Return, exactly and in full, the lines of the records below starting at the one with "line L3 (0, 0) -> (0, 34) construction" and ending at the one with "[suppressed] count 2", and no other lines.

Material for this exercise: Begin

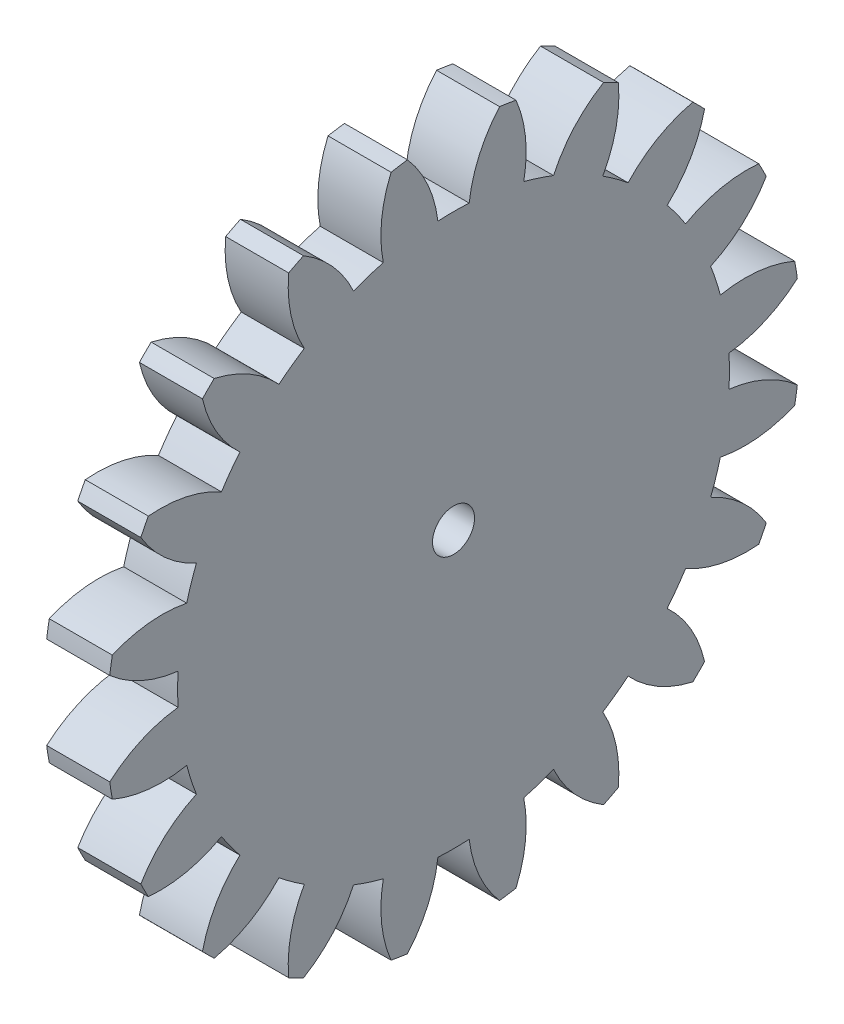
SolidWorks part; units mm, degrees
ref_plane "Plane1" through (0, 0, 0) normal (0, 0, 1) x (1, 0, 0)
ref_plane "Plane2" through (0, 0, 0) normal (0, 1, 0) x (1, 0, 0)
ref_plane "Plane3" through (0, 0, 0) normal (1, 0, 0) x (0, 0, -1)
other "Configuration Table"
sketch "HoldingSke" plane through (0, 0, 0) normal (0, 1, 0) x (1, 0, 0)
  line L0 (0, 0) -> (0.3132, -0.114)
  line L1 (-15, 0) -> (100, 0) construction
  line L2 (0, 0) -> (-2.1039, 2.3779)
  line L3 (0, 0) -> (-11.863, 4.5341)
  line L4 (0, 0) -> (8.1152, 2.9537)
  line L5 (0, 0) -> (-46.8476, -17.4728)
  line L6 (0, 0) -> (-4.9738, -3.3558)
  line L7 (-2.1039, 2.3779) -> (8.6586, 51.2059)
  line L8 (-76.2, 54.61) -> (-75.5, 54.61)
  line L9 (-71.009, 38.7566) -> (-53.1078, 45.2721)
  line L10 (-76.2, 71.12) -> (104.1128, 71.12)
  line L11 (0, 0) -> (-6, 0)
  line L12 (-76.2, 101.6) -> (-76.093, 101.6)
  line L13 (24.9733, 27.94) -> (52.9518, 28.4284)
  line L14 (24.9733, 27.94) -> (24.9743, 27.94)
  line L15 (24.9733, 27.94) -> (100.4006, 29.5858)
  line L16 (-63.627, -3) -> (-12.827, -3)
  circle A0 centre (0, 0) radius 2
  circle A1 centre (0, 0) radius 26.249
  circle A2 centre (0, 0) radius 37.5
  circle A3 centre (0, 0) radius 2
  dimension "MHD" = 52.498
  dimension "Hub_dia" = 75
  dimension "Bore" = 4
  dimension "MBD" = 4
  dimension "Num_teeth" = 20
  dimension "Pitch" = 0.3333
  dimension "Overall_len" = 50
  dimension "Show_teeth" = 20
  dimension "Thickness" = 6
  dimension "OAL" = 50.0001
  dimension "T_dim" = 0.7
  dimension "Ap" = 20
  dimension "H" = 19.05
  dimension "Pitch_radius" = 180.3128
  dimension "Width" = 6
  dimension "Backlash" = 0.107
  dimension "Addendum_fac" = 1
  dimension "Dedendum_fac" = 1.25
  dimension "Clearance_fac" = 0.25
  dimension "Dedendum_add" = 0.001
  dimension "Module" = 3
sketch "BasProSke" plane through (0, 0, 0) normal (0, 1, 0) x (1, 0, 0)
  line L0 (-10, 0) -> (60, 0) construction
  line L1 (0, 0) -> (0, 33)
  line L2 (0, 0) -> (6, 0)
  line L3 (6, 0) -> (6, 33)
  line L4 (6, 33) -> (0, 33)
  dimension "Thickness" = 6
  dimension "Diameter" = 66
revolve "Base-Revolve" add sketch "BasProSke" angle 360 about L0
sketch "TooCutSke" plane through (0, 0, 0) normal (1, 0, 0) x (0, 0, -1)
  line L1 (0, 0) -> (0, 107) construction
  line L2 (0, 0) -> (-2.5409, 29.8922) construction
  line L3 (0, 0) -> (-9.3616, 59.1066) construction
  line L4 (-2.5409, 29.8922) -> (-4.6808, 29.5533) construction
  arc A0 (1.4893, 26.2067) -> (-1.4893, 26.2067) centre (0, 0) ccw
  arc A1 (4.4016, 32.7308) -> (-4.4016, 32.7308) centre (0, 0) ccw
  circle A2 centre (0, 0) radius 30 construction
  circle A3 centre (0, 0) radius 28.1908 construction
  arc A4 (-1.4893, 26.2067) -> (-4.4016, 32.7308) centre (-13.4064, 24.799) ccw
  arc A5 (4.4016, 32.7308) -> (1.4893, 26.2067) centre (13.4064, 24.799) ccw
  dimension "Root_dia" = 52.498
  dimension "Overcut_dia" = 66.0508
  dimension "Pitch_dia" = 60
  dimension "Base_dia" = 56.3816
  dimension "Flank_rad" = 12
  dimension "Half_ang" = 9
  dimension "Half_CT" = 2.1665
extrude "ToothCut" cut sketch "TooCutSke" along normal through all
fillet "Breaks" [suppressed] radius 0.06
fillet "RootFillets" [suppressed] radius 0.751
pattern_circular "TeethCuts" count 20 every 18 about axis through (-10, 0, 0) along (1, 0, 0) of "ToothCut", "RootFillets", "Breaks"
sketch "HubNeaOneSke" plane through (0, 0, 0) normal (-1, 0, 0) x (0, 0, 1)
  circle A0 centre (0, 0) radius 26.249
  dimension "Diameter" = 52.498
extrude "HubNearOne" [suppressed] add sketch "HubNeaOneSke" along normal blind 44.0001
sketch "HubNeaBotSke" plane through (0, 0, 0) normal (-1, 0, 0) x (0, 0, 1)
  circle A0 centre (0, 0) radius 26.249
  dimension "Diameter" = 52.498
extrude "HubNearBoth" [suppressed] add sketch "HubNeaBotSke" along normal blind 22
ref_plane "FarPln" through (6, 0, 0) normal (1, 0, 0) x (0, 0, -1)
sketch "HubFarSke" plane through (6, 0, 0) normal (1, 0, 0) x (0, 0, -1)
  circle A0 centre (0, 0) radius 26.249
  dimension "Diameter" = 52.498
extrude "HubFar" [suppressed] add sketch "HubFarSke" along normal blind 22
sketch "BorSke" plane through (0, 0, 0) normal (1, 0, 0) x (0, 0, -1)
  circle A0 centre (0, 0) radius 2
  dimension "Diameter" = 4
extrude "Bore" cut sketch "BorSke" along normal mid plane 100.0001
sketch "KeySke" plane through (0, 0, 0) normal (1, 0, 0) x (0, 0, -1)
  line L0 (-0.8, 0) -> (-0.8, 2.7)
  line L1 (-0.8, 2.7) -> (0.8, 2.7)
  line L2 (0.8, 2.7) -> (0.8, 0)
  line L3 (0, 0) -> (0, 34) construction
  line L4 (-0.8, 0) -> (0.8, 0)
  dimension "Offset" = 2.7
  dimension "Width" = 1.6
extrude "Keyway" [suppressed] cut sketch "KeySke" along normal mid plane 100.0001
pattern_circular "Keyway2" [suppressed] count 2 every 90 about axis through (-10, 0, 0) along (1, 0, 0)
equation "' \"Module@HoldingSke\" = 6.35"
equation "' \"Num_teeth@HoldingSke\" = 12"
equation "' \"Ap@HoldingSke\" =  20"
equation "' \"Ap@HoldingSke\" = 20"
equation "' \"Width@HoldingSke\" = 0.5 * 25.4"
equation "' \"Hub_dia@HoldingSke\"= 1 * 25.4"
equation "' \"Hub_dia@HoldingSke\" = 1 * 25.4"
equation "' \"Overall_len@HoldingSke\" = 1.0 * 25.4"
equation "' \"Bore@HoldingSke\" = 0.75 * 25.4"
equation "' \"T_dim@HoldingSke\" = 0.1 * 25.4"
equation "' \"Width@KeySke\" = 0.25 * 25.4"
equation "' \"Show_teeth@HoldingSke\" = 13"
equation "' \"Backlash@HoldingSke\" = 0.009 * 25.4"
equation "' \"Addendum_fac@HoldingSke\" = 1.0"
equation "' \"Dedendum_fac@HoldingSke\" = 1.25"
equation "' \"Dedendum_add@HoldingSke\" = 0.00005 * 25.4"
equation "' \"Clearance_fac@HoldingSke\" = 0.25"
equation "\"Pitch@HoldingSke\" = 1 / \"Module@HoldingSke\""
equation "\"Overcut_dia@TooCutSke\" = (\"Num_teeth@HoldingSke\" + 2 * \"Addendum_fac@HoldingSke\") / \"Pitch@HoldingSke\" + 0.002 * 25.4"
equation "\"Pitch_dia@TooCutSke\" = \"Num_teeth@HoldingSke\" / \"Pitch@HoldingSke\""
equation "\"Base_dia@TooCutSke\" = \"Num_teeth@HoldingSke\" / \"Pitch@HoldingSke\" * cos((\"Ap@HoldingSke\"  * 3.14159265 / 180))"
equation "\"Root_dia@TooCutSke\" = (\"Num_teeth@HoldingSke\" + 2) / \"Pitch@HoldingSke\" - 2 * (\"Addendum_fac@HoldingSke\" + \"Dedendum_fac@HoldingSke\") / \"Pitch@HoldingSke\" - \"Dedendum_add@HoldingSke\" * 2"
equation "\"Half_ang@TooCutSke\" = 180 / \"Num_teeth@HoldingSke\""
equation "\"Half_CT@TooCutSke\" = \"Num_teeth@HoldingSke\" / \"Pitch@HoldingSke\" * sin((3.14159265 / 2 / \"Num_teeth@HoldingSke\")) / 2 - 7 * \"Backlash@HoldingSke\" / 4"
equation "\"Flank_rad@TooCutSke\" = \"Num_teeth@HoldingSke\" / \"Pitch@HoldingSke\" / 5"
equation "\"Radius@RootFillets\" = \"Clearance_fac@HoldingSke\" / \"Pitch@HoldingSke\" + \"Dedendum_add@HoldingSke\""
equation "\"Break_rad@Breaks\" = 0.02 / \"Pitch@HoldingSke\""
equation "\"Thickness@HoldingSke\" = \"Width@HoldingSke\""
equation "\"OAL@HoldingSke\" = \"Thickness@HoldingSke\""
equation "\"MHD@HoldingSke\" = (\"Num_teeth@HoldingSke\" + 2) / \"Pitch@HoldingSke\" - 2 * (\"Addendum_fac@HoldingSke\" + \"Dedendum_fac@HoldingSke\")  / \"Pitch@HoldingSke\" - \"Dedendum_add@HoldingSke\" * 2"
equation "\"MBD@HoldingSke\" = (\"Num_teeth@HoldingSke\" + 2) / \"Pitch@HoldingSke\" - 2 * (\"Addendum_fac@HoldingSke\" + \"Dedendum_fac@HoldingSke\")  / \"Pitch@HoldingSke\" - \"Dedendum_add@HoldingSke\" * 2 - 0.002 * 25.4"
equation "\"MHD@HoldingSke\" = ((sgn( \"MHD@HoldingSke\" - \"Hub_dia@HoldingSke\" )-1)*( \"MHD@HoldingSke\" - \"Hub_dia@HoldingSke\" ))/-2+ \"Hub_dia@HoldingSke\""
equation "\"MBD@HoldingSke\" = ((sgn( \"MBD@HoldingSke\" - \"Bore@HoldingSke\" )-1)*( \"MBD@HoldingSke\" - \"Bore@HoldingSke\" ))/-2+ \"Bore@HoldingSke\""
equation "\"OAL@HoldingSke\" = ((sgn( \"OAL@HoldingSke\" - \"Overall_len@HoldingSke\" )+1)*( \"OAL@HoldingSke\" - \"Overall_len@HoldingSke\" ))/2 + \"Overall_len@HoldingSke\" + 0.000002 * 25.4"
equation "\"Num_teeth@TeethCuts\" = int( \"Show_teeth@HoldingSke\" ) + 1"
equation "\"Num_teeth@TeethCuts\" = ((sgn( \"Num_teeth@TeethCuts\" - \"Num_teeth@HoldingSke\" )-1)*( \"Num_teeth@TeethCuts\" - \"Num_teeth@HoldingSke\" ))/-2+ \"Num_teeth@HoldingSke\""
equation "\"Num_teeth@TeethCuts\" = ((sgn( \"Num_teeth@TeethCuts\" - 2.0)+1)*( \"Num_teeth@TeethCuts\" - 2.0))/2 +2.0"
equation "\"Angle@TeethCuts\" = 360.0 / \"Num_teeth@HoldingSke\""
equation "\"Diameter@BasProSke\" = (\"Num_teeth@HoldingSke\" + 2 * \"Addendum_fac@HoldingSke\") / \"Pitch@HoldingSke\""
equation "\"Thickness@BasProSke\"  = \"Thickness@HoldingSke\""
equation "' \"Fillet_rad@BasProSke\" =  \"Thickness@HoldingSke\" * 0.05"
equation "' \"Fillet_rad@BasProSke\" = \"Thickness@HoldingSke\" * 0.05"
equation "\"MHD@HoldingSke\" = ((sgn( \"MHD@HoldingSke\" - \"Root_dia@TooCutSke\" )-1)*( \"MHD@HoldingSke\" - \"Root_dia@TooCutSke\" ))/-2+ \"Root_dia@TooCutSke\""
equation "\"Diameter@HubNeaOneSke\" = \"MHD@HoldingSke\""
equation "\"Length@HubNearOne\" = \"OAL@HoldingSke\" - \"Thickness@BasProSke\""
equation "\"Diameter@HubNeaBotSke\" = \"MHD@HoldingSke\""
equation "\"Length@HubNearBoth\" = ( \"OAL@HoldingSke\" - \"Thickness@BasProSke\" ) / 2.0"
equation "\"Thickness@FarPln\" = \"Thickness@BasProSke\""
equation "\"Diameter@HubFarSke\" = \"MHD@HoldingSke\""
equation "\"Length@HubFar\" = ( \"OAL@HoldingSke\" - \"Thickness@BasProSke\" ) / 2.0"
equation "\"Diameter@BorSke\" = \"MBD@HoldingSke\""
equation "\"D1@Bore\" = \"OAL@HoldingSke\" * 2.0"
equation "\"D1@Keyway\" = \"OAL@HoldingSke\" * 2.0"
equation "\"Offset@KeySke\" = \"T_dim@HoldingSke\" + \"MBD@HoldingSke\" / 2.0"

Material for this exercise: End

» **Your solution**:
  line L3 (0, 0) -> (0, 34) construction
  line L4 (-0.8, 0) -> (0.8, 0)
  dimension "Offset" = 2.7
  dimension "Width" = 1.6
extrude "Keyway" [suppressed] cut sketch "KeySke" along normal mid plane 100.0001
pattern_circular "Keyway2" [suppressed] count 2 every 90 about axis through (-10, 0, 0) along (1, 0, 0)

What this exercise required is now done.